Создав или, лучше сказать его же словами, «породив» конфузную ситуацию в «Коляске» и в «Шинели», Гоголь хотя и не убивает ее, но отходит от нее в сторону, отдаляется и как бы забрасывает — оставляя ее полностью на откуп двадцатому столетию.
Что, казалось бы, проще: помещик Чертокуцкий, будучи навеселе, прилгнул его превосходительству и другим чинам, что у него есть необыкновенно легкая и «укладистая» коляска в четыре тысячи ценой. А утром, когда к нему нагрянули высокие гости, чтобы посмотреть и, возможно, купить четырехтысячное диво, Чертокуцкий не знал, что сказать и что делать. Говоря общо: некий человек солгал безмотивно, прихвастнул, язык его сам собой ляпнул — и вот, стало быть, простенькая незамедлительная расплата. Но простоты тут нет. Двадцатый век будет использовать эту и подобные ситуации бесконечно. Заметим, что никакого бы конфуза не случилось, если бы солгал или ляпнул словцо человек, удерживающийся в рамках литературного типа; напротив, вместо конфуза была бы очередная типологическая забавность. Плут, в плутовском романе, без труда вывернется и выйдет сухим. Это понятно. Но даже если не плут, а просто тип — Ноздрев или, скажем, Хлестаков — трудностей тоже ни малейших и конфуза как конфуза нет. Сквозь типаж просматривается арматура крепкой конструкции. Ноздрев стал бы и дальше врать, и хамить, и лезть, к примеру, в драку, а Хлестаков бы, соответственно, стал нести еще большую околесицу, присочиняя к чепухе чепуху и поминутно вводя в бой и тем более в образовавшийся конфузный прорыв верные ему тридцать пять тысяч курьеров. В итоге
В Чертокуцком же, создавая его и лепя, как лепят из глины, Гоголь вдруг резко обрывает игру в типаж: сейчас, в двадцатом веке, уже можно заметить, какая нужна была смелость и какой полет, чтобы выйти или, лучше сказать, выскочить из системы типажей к системе обыкновенного человека. Обыкновенность не замкнута на самое себя. В том и суть, что солгал или просто «ляпнул» некое слово не типаж, устойчивый в себе, который своей же устойчивостью и вывернется, а просто человек — обыкновенный помещик Чертокуцкий. Ничего не произошло, и по-прежнему дымят фабрики. А человек уже сделал некое, несвойственное и необязательное движение, человек не типаж и готов на попятную — внутренне он теперь едва ли не вскрикивает: ах, господи! — но не поправить, потому, например, что не все же поправимо. Человек начинает отчасти суетиться, отчасти мучиться: на этих вот сбалансированных «отчасти» и возникает конфузная ситуация. Тут именно нарушение равновесия. А финал? — а намечающийся впереди неуклюжий и неприятный финал, этакая горькая очная ставка с общим потоком жизни, может, разумеется, произойти завтра или послезавтра, а может и не произойти, но существовать в сознании читателя, как и в сознании самого человека, нарушившего равновесие. Завтрашний разоблачительный день во времени растяжим. Необязательно, разумеется, прятаться одетым в халат в старой дешевой коляске, сидеть там скорчившись и согнувшись в трех шагах от господ офицеров, которые — разоблачители! — беспечно разговаривают и подходят все ближе и сейчас приоткроют, скрипнув петлями, ветхую дверцу.

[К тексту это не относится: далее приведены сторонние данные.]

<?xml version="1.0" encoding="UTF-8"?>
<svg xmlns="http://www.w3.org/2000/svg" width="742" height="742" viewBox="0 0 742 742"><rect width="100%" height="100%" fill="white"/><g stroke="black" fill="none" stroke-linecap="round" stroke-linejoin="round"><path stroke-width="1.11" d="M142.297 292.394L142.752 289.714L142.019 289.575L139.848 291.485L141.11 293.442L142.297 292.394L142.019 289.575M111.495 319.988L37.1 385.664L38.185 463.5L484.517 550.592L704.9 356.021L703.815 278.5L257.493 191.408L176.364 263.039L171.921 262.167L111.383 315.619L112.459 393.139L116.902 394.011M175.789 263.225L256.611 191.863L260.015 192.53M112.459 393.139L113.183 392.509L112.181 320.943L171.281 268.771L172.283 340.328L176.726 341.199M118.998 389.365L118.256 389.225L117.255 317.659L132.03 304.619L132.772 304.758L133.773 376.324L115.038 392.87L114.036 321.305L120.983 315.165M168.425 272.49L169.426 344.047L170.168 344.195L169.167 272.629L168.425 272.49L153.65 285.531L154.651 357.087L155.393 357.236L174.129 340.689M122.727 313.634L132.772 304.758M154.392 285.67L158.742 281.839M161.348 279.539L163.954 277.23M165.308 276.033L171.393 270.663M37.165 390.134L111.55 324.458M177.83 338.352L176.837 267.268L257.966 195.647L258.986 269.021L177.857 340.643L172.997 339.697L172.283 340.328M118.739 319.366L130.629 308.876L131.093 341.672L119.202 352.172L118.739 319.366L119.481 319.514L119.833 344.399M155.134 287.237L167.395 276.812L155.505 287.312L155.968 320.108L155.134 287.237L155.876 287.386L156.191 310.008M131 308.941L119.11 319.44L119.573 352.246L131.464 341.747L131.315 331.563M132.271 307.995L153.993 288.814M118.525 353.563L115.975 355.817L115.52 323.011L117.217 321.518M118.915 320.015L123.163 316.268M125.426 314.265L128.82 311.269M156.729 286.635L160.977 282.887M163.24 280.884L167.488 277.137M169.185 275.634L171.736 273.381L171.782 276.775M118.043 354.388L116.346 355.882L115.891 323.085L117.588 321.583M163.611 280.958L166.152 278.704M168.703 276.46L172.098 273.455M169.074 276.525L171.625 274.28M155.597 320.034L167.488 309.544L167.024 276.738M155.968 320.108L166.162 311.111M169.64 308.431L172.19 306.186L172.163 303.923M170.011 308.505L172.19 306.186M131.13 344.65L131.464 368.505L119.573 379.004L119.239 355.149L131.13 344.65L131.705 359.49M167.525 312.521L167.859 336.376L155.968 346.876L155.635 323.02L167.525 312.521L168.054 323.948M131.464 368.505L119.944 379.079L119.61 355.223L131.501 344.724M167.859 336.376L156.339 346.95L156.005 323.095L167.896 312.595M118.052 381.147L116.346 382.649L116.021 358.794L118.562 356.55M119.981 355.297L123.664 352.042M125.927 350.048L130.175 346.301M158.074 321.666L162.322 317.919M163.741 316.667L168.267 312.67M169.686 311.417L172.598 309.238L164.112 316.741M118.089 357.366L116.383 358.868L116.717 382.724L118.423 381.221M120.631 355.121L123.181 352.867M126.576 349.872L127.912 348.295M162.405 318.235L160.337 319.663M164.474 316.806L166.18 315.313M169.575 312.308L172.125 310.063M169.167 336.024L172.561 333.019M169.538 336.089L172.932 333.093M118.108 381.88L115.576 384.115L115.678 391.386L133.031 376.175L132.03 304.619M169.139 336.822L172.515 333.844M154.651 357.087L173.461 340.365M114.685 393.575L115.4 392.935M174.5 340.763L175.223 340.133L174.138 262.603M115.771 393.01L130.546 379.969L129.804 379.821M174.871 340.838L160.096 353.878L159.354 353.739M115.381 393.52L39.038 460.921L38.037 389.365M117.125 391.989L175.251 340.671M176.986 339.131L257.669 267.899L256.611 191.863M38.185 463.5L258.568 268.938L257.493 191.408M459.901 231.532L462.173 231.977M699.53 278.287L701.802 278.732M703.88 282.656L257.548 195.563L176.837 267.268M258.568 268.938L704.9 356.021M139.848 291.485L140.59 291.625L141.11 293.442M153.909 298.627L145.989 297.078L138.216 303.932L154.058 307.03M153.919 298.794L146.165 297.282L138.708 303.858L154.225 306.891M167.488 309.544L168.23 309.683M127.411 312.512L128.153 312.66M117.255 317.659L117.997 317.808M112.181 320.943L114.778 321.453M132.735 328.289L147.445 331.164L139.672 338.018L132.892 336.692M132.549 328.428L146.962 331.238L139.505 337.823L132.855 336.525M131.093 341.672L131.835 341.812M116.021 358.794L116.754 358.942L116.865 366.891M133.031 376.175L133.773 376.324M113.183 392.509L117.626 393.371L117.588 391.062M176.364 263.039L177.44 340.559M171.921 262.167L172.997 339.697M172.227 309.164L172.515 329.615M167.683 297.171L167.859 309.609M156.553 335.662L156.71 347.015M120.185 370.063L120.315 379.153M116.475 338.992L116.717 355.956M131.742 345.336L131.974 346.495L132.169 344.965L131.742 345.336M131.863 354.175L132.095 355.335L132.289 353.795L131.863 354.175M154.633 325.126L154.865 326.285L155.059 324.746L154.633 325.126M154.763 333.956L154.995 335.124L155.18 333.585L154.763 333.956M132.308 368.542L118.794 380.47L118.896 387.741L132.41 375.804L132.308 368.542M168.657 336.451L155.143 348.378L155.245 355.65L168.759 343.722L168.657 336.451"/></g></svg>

Таков бедняга Чертокуцкий, и таково его похмелье; человека, который не испытал, хотя бы единожды, подобного похмелья, нет. И тут особенно понимаешь, что Чертокуцкий не Ноздрев. Он обыкновенный человек. Он наш человек. Он нашего века, он не типаж, — он из банально честных, если хотите, и понятных людей. Потому-то ему и похмельно и стыдно, как бывает похмельно и стыдно банально честному; Ноздреву стыдно бы не было.
Блистательно мелькнув в «Скверном анекдоте» и как бы с аккуратностью отметившись в нескольких рассказах Чехова, конфузная ситуация полностью перешла на откуп в двадцатый век; девятнадцатый все еще держался за типажи.